European Commission logo
INSPIRE Community Forum

Correcting percentageUnderDesignation bug in PS Simple xml schema?

Dear PS experts,

when working on the update of the Annex I xml schemas (MIWP-18a), where the MS agreed we should publish backwards-incompatible new versions of all the schemas, I wondered whether we should use the opportunity to fix the bug with the percentageUnderDesignation in the current schema.

In the IR, the attribute percentageUnderDesignation has the type Percentage. However, then this type is never defined in the IR.

In the schema, the type of percentageUnderDesignation is currently defined as anyURI.

In the data specification and the UML model repository, the Percentage type is defined as a sub-type of Integer, with the definition "A percentage value, being an integer between 0 and 100 inclusive."

If we decide to follow the data specification and UML data model, the type of percentageUnderDesignation should be xs:integer or something like this (more closely following the definition in the TG):

<xs:simpleType name="Percentage">
   <xs:restriction base="xs:integer">
     <xs:minInclusive value="0"/>
     <xs:maxInclusive value="100"/>
   </xs:restriction>
</xs:simpleType>

But I don't know how people currently use the schema (I imagine it is quite difficult to express a percentage using a URI) and what effects such a change would have.

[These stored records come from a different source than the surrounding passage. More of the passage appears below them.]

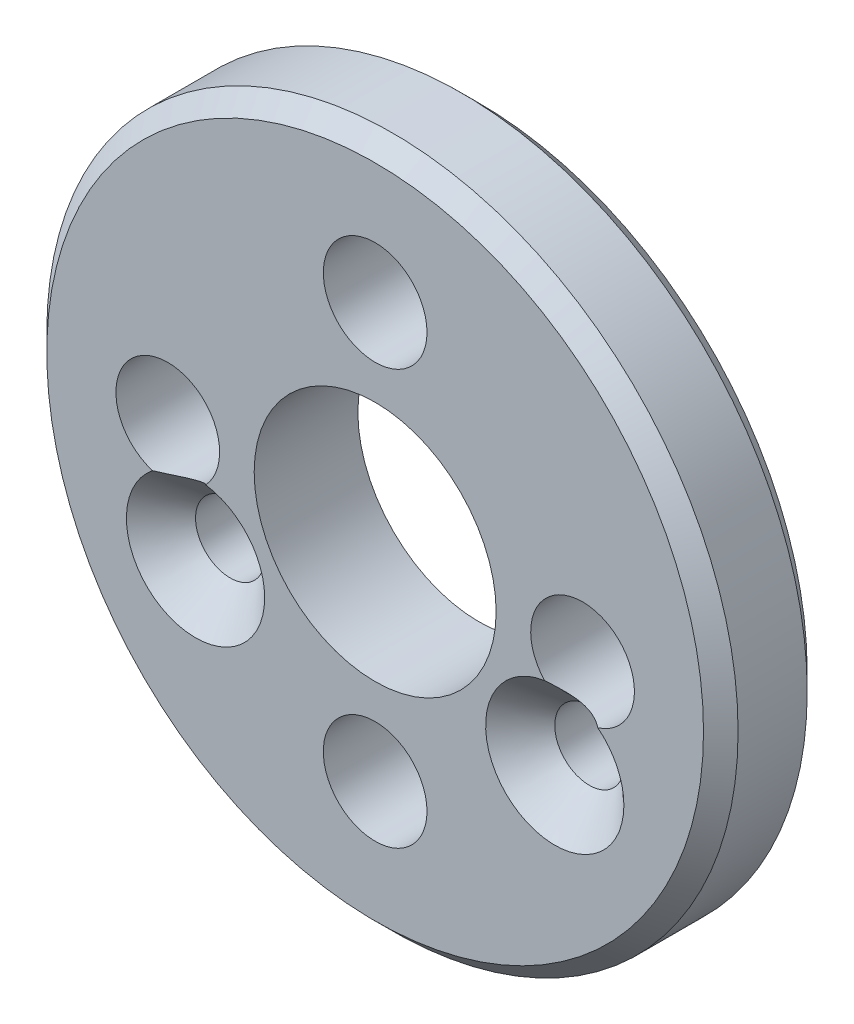
ISO-10303-21;
HEADER;
FILE_DESCRIPTION(('STEP AP214'),'2;1');
FILE_NAME('part.step','',(''),(''),'','','');
FILE_SCHEMA(('AUTOMOTIVE_DESIGN { 1 0 10303 214 1 1 1 1 }'));
ENDSEC;
DATA;
#1=APPLICATION_CONTEXT('core data for automotive mechanical design processes');
#2=APPLICATION_PROTOCOL_DEFINITION('international standard','automotive_design',2000,#1);
#3=PRODUCT_CONTEXT('',#1,'mechanical');
#4=PRODUCT('Part','Part','',(#3));
#5=PRODUCT_RELATED_PRODUCT_CATEGORY('part','',(#4));
#6=PRODUCT_DEFINITION_FORMATION('','',#4);
#7=PRODUCT_DEFINITION_CONTEXT('part definition',#1,'design');
#8=PRODUCT_DEFINITION('design','',#6,#7);
#9=PRODUCT_DEFINITION_SHAPE('','',#8);
#10=(LENGTH_UNIT() NAMED_UNIT(*) SI_UNIT(.MILLI.,.METRE.));
#11=(NAMED_UNIT(*) PLANE_ANGLE_UNIT() SI_UNIT($,.RADIAN.));
#12=(NAMED_UNIT(*) SI_UNIT($,.STERADIAN.) SOLID_ANGLE_UNIT());
#13=UNCERTAINTY_MEASURE_WITH_UNIT(LENGTH_MEASURE(1.E-05),#10,'distance_accuracy_value','');
#14=(GEOMETRIC_REPRESENTATION_CONTEXT(3) GLOBAL_UNCERTAINTY_ASSIGNED_CONTEXT((#13)) GLOBAL_UNIT_ASSIGNED_CONTEXT((#10,
#11,#12)) REPRESENTATION_CONTEXT('',''));
#15=CARTESIAN_POINT('',(0.,0.,0.));
#16=DIRECTION('',(0.,0.,1.));
#17=DIRECTION('',(1.,0.,0.));
#18=AXIS2_PLACEMENT_3D('',#15,#16,#17);
#19=CARTESIAN_POINT('',(-5.1961524227065,-3.00000000000022,3.));
#20=DIRECTION('',(0.,0.,-1.));
#21=DIRECTION('',(-1.,0.,0.));
#22=AXIS2_PLACEMENT_3D('',#19,#20,#21);
#23=CYLINDRICAL_SURFACE('',#22,1.00000000000048);
#24=CARTESIAN_POINT('',(-5.1961524227065,-3.00000000000022,2.));
#25=DIRECTION('',(0.,0.,1.));
#26=DIRECTION('',(1.,0.,0.));
#27=AXIS2_PLACEMENT_3D('',#24,#25,#26);
#28=CIRCLE('',#27,1.00000000000048);
#29=CARTESIAN_POINT('',(-4.19615242270602,-3.00000000000022,2.));
#30=VERTEX_POINT('',#29);
#31=EDGE_CURVE('E58',#30,#30,#28,.T.);
#32=ORIENTED_EDGE('',*,*,#31,.T.);
#33=EDGE_LOOP('',(#32));
#34=FACE_BOUND('',#33,.T.);
#35=CARTESIAN_POINT('',(-5.1961524227065,-3.00000000000022,0.));
#36=DIRECTION('',(0.,0.,1.));
#37=DIRECTION('',(1.,0.,0.));
#38=AXIS2_PLACEMENT_3D('',#35,#36,#37);
#39=CIRCLE('',#38,1.00000000000048);
#40=CARTESIAN_POINT('',(-4.19615242270602,-3.00000000000022,0.));
#41=VERTEX_POINT('',#40);
#42=EDGE_CURVE('E94',#41,#41,#39,.T.);
#43=ORIENTED_EDGE('',*,*,#42,.F.);
#44=EDGE_LOOP('',(#43));
#45=FACE_BOUND('',#44,.T.);
#46=ADVANCED_FACE('F42',(#34,#45),#23,.F.);
#47=CARTESIAN_POINT('',(5.19615242270676,-2.99999999999978,3.));
#48=DIRECTION('',(0.,0.,-1.));
#49=DIRECTION('',(-1.,0.,0.));
#50=AXIS2_PLACEMENT_3D('',#47,#48,#49);
#51=CYLINDRICAL_SURFACE('',#50,1.00000000000033);
#52=CARTESIAN_POINT('',(5.19615242270676,-2.99999999999978,1.99999999999999));
#53=DIRECTION('',(0.,0.,1.));
#54=DIRECTION('',(1.,0.,0.));
#55=AXIS2_PLACEMENT_3D('',#52,#53,#54);
#56=CIRCLE('',#55,1.00000000000033);
#57=CARTESIAN_POINT('',(6.19615242270709,-2.99999999999978,1.99999999999999));
#58=VERTEX_POINT('',#57);
#59=EDGE_CURVE('E88',#58,#58,#56,.T.);
#60=ORIENTED_EDGE('',*,*,#59,.T.);
#61=EDGE_LOOP('',(#60));
#62=FACE_BOUND('',#61,.T.);
#63=CARTESIAN_POINT('',(5.19615242270676,-2.99999999999978,0.));
#64=DIRECTION('',(0.,0.,1.));
#65=DIRECTION('',(1.,0.,0.));
#66=AXIS2_PLACEMENT_3D('',#63,#64,#65);
#67=CIRCLE('',#66,1.00000000000033);
#68=CARTESIAN_POINT('',(6.19615242270709,-2.99999999999978,0.));
#69=VERTEX_POINT('',#68);
#70=EDGE_CURVE('E102',#69,#69,#67,.T.);
#71=ORIENTED_EDGE('',*,*,#70,.F.);
#72=EDGE_LOOP('',(#71));
#73=FACE_BOUND('',#72,.T.);
#74=ADVANCED_FACE('F204',(#62,#73),#51,.F.);
#75=CARTESIAN_POINT('',(0.,6.,3.));
#76=DIRECTION('',(0.,0.,-1.));
#77=DIRECTION('',(-1.,0.,0.));
#78=AXIS2_PLACEMENT_3D('',#75,#76,#77);
#79=CYLINDRICAL_SURFACE('',#78,1.5);
#80=CARTESIAN_POINT('',(0.,6.,3.));
#81=DIRECTION('',(0.,0.,1.));
#82=DIRECTION('',(1.,0.,0.));
#83=AXIS2_PLACEMENT_3D('',#80,#81,#82);
#84=CIRCLE('',#83,1.5);
#85=CARTESIAN_POINT('',(1.5,6.,3.));
#86=VERTEX_POINT('',#85);
#87=EDGE_CURVE('E111',#86,#86,#84,.T.);
#88=ORIENTED_EDGE('',*,*,#87,.T.);
#89=EDGE_LOOP('',(#88));
#90=FACE_BOUND('',#89,.T.);
#91=CARTESIAN_POINT('',(0.,6.,0.));
#92=DIRECTION('',(0.,0.,1.));
#93=DIRECTION('',(1.,0.,0.));
#94=AXIS2_PLACEMENT_3D('',#91,#92,#93);
#95=CIRCLE('',#94,1.5);
#96=CARTESIAN_POINT('',(1.5,6.,0.));
#97=VERTEX_POINT('',#96);
#98=EDGE_CURVE('E132',#97,#97,#95,.T.);
#99=ORIENTED_EDGE('',*,*,#98,.F.);
#100=EDGE_LOOP('',(#99));
#101=FACE_BOUND('',#100,.T.);
#102=ADVANCED_FACE('F211',(#90,#101),#79,.F.);
#103=CARTESIAN_POINT('',(0.,0.,3.));
#104=DIRECTION('',(0.,0.,-1.));
#105=DIRECTION('',(-1.,0.,0.));
#106=AXIS2_PLACEMENT_3D('',#103,#104,#105);
#107=CYLINDRICAL_SURFACE('',#106,3.5);
#108=CARTESIAN_POINT('',(0.,0.,3.));
#109=DIRECTION('',(0.,0.,1.));
#110=DIRECTION('',(1.,0.,0.));
#111=AXIS2_PLACEMENT_3D('',#108,#109,#110);
#112=CIRCLE('',#111,3.5);
#113=CARTESIAN_POINT('',(3.5,0.,3.));
#114=VERTEX_POINT('',#113);
#115=EDGE_CURVE('E107',#114,#114,#112,.T.);
#116=ORIENTED_EDGE('',*,*,#115,.T.);
#117=EDGE_LOOP('',(#116));
#118=FACE_BOUND('',#117,.T.);
#119=CARTESIAN_POINT('',(0.,0.,0.));
#120=DIRECTION('',(0.,0.,1.));
#121=DIRECTION('',(1.,0.,0.));
#122=AXIS2_PLACEMENT_3D('',#119,#120,#121);
#123=CIRCLE('',#122,3.5);
#124=CARTESIAN_POINT('',(3.5,0.,0.));
#125=VERTEX_POINT('',#124);
#126=EDGE_CURVE('E128',#125,#125,#123,.T.);
#127=ORIENTED_EDGE('',*,*,#126,.F.);
#128=EDGE_LOOP('',(#127));
#129=FACE_BOUND('',#128,.T.);
#130=ADVANCED_FACE('F201',(#118,#129),#107,.F.);
#131=CARTESIAN_POINT('',(6.,0.,3.));
#132=DIRECTION('',(0.,0.,-1.));
#133=DIRECTION('',(-1.,0.,0.));
#134=AXIS2_PLACEMENT_3D('',#131,#132,#133);
#135=CYLINDRICAL_SURFACE('',#134,1.5);
#136=CARTESIAN_POINT('',(6.,0.,3.));
#137=DIRECTION('',(0.,0.,1.));
#138=DIRECTION('',(1.,0.,0.));
#139=AXIS2_PLACEMENT_3D('',#136,#137,#138);
#140=CIRCLE('',#139,1.5);
#141=CARTESIAN_POINT('',(6.44015518955278,-1.43396771550472,3.));
#142=VERTEX_POINT('',#141);
#143=CARTESIAN_POINT('',(4.90183056648743,-1.02177487505748,3.));
#144=VERTEX_POINT('',#143);
#145=EDGE_CURVE('E99',#142,#144,#140,.T.);
#146=ORIENTED_EDGE('',*,*,#145,.T.);
#147=CARTESIAN_POINT('',(4.90183056648743,-1.02177487505748,3.));
#148=CARTESIAN_POINT('',(4.92303302315713,-1.04455010634076,2.97436761381311));
#149=CARTESIAN_POINT('',(4.94519274903347,-1.06695677851051,2.94916265504846));
#150=CARTESIAN_POINT('',(4.99169474628061,-1.11101632940224,2.89990143946854));
#151=CARTESIAN_POINT('',(5.01604475565149,-1.13266612784486,2.87584975539361));
#152=CARTESIAN_POINT('',(5.06756966313104,-1.17546443690684,2.82890254432455));
#153=CARTESIAN_POINT('',(5.09479260085054,-1.19659329556961,2.80604125349631));
#154=CARTESIAN_POINT('',(5.15181461390856,-1.23766506118033,2.76267577910277));
#155=CARTESIAN_POINT('',(5.18160958326442,-1.25760977561294,2.74216795608576));
#156=CARTESIAN_POINT('',(5.24732745051386,-1.29812416275665,2.70229131852149));
#157=CARTESIAN_POINT('',(5.28356519774468,-1.31853730159963,2.68327165448615));
#158=CARTESIAN_POINT('',(5.35936861498474,-1.35697600552206,2.65064894130602));
#159=CARTESIAN_POINT('',(5.39891524719251,-1.3750138742689,2.63701718258703));
#160=CARTESIAN_POINT('',(5.48160909505413,-1.4082889179449,2.61651922916684));
#161=CARTESIAN_POINT('',(5.52479921930215,-1.42348301347582,2.60975114662465));
#162=CARTESIAN_POINT('',(5.61288371735046,-1.44991380689649,2.60447285500694));
#163=CARTESIAN_POINT('',(5.65777766724778,-1.46115148206517,2.6059606051268));
#164=CARTESIAN_POINT('',(5.74122031871436,-1.47803776645549,2.61614415623826));
#165=CARTESIAN_POINT('',(5.779791059305,-1.48424309741212,2.62381862404778));
#166=CARTESIAN_POINT('',(5.85596575959592,-1.49356262311997,2.6441824575592));
#167=CARTESIAN_POINT('',(5.89356870202823,-1.49667368511689,2.65687688752916));
#168=CARTESIAN_POINT('',(5.99028855399017,-1.50116608714846,2.69532202107824));
#169=CARTESIAN_POINT('',(6.04821885701077,-1.50026341998393,2.72428024948017));
#170=CARTESIAN_POINT('',(6.15998827339364,-1.49250284567381,2.78868939821998));
#171=CARTESIAN_POINT('',(6.21381054041502,-1.4856217142774,2.82416521281803));
#172=CARTESIAN_POINT('',(6.29615553892666,-1.47079752560843,2.88361392274339));
#173=CARTESIAN_POINT('',(6.32594507991869,-1.46446727544544,2.90628506665992));
#174=CARTESIAN_POINT('',(6.38405411901989,-1.45030565663829,2.95251436417402));
#175=CARTESIAN_POINT('',(6.4123836143051,-1.44248693447057,2.9760637891204));
#176=CARTESIAN_POINT('',(6.44015518955278,-1.43396771550472,3.));
#177=B_SPLINE_CURVE_WITH_KNOTS('',3,(#147,#148,#149,#150,#151,#152,#153,#154,#155,#156,#157,
#158,#159,#160,#161,#162,#163,#164,#165,#166,#167,#168,#169,#170,#171,#172,#173,#174,#175,#176),
.UNSPECIFIED.,.F.,.F.,(4,2,2,2,2,2,2,2,2,2,2,2,2,2,4),(0.,0.120963514809028,0.242372554440347,
0.366294637531073,0.490022426258154,0.626819965138981,0.762878417532659,0.900855438277749,
1.03879835324465,1.15773611838754,1.27679417839394,1.47000198331899,1.66396370614888,
1.77780417133892,1.89071741224536),.UNSPECIFIED.);
#178=EDGE_CURVE('E64',#144,#142,#177,.T.);
#179=ORIENTED_EDGE('',*,*,#178,.T.);
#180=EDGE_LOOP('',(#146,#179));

If you agree to this proposal, I would put the publication of the new PS SImple xml schema on hold, until we have reached an agreement on the best way forward here. It should then be discussed in the MIWP-14 sub-group and MIG-T for endorsement.

 

Cheers,

Michael

  • Michael LUTZ

    Reply from Darja Lihteneger:

    Dear Michael, all,

    Thank you for this proposal. I think it is important to update the INSPIRE Ps (Simple application schema) with the correct Percentage type.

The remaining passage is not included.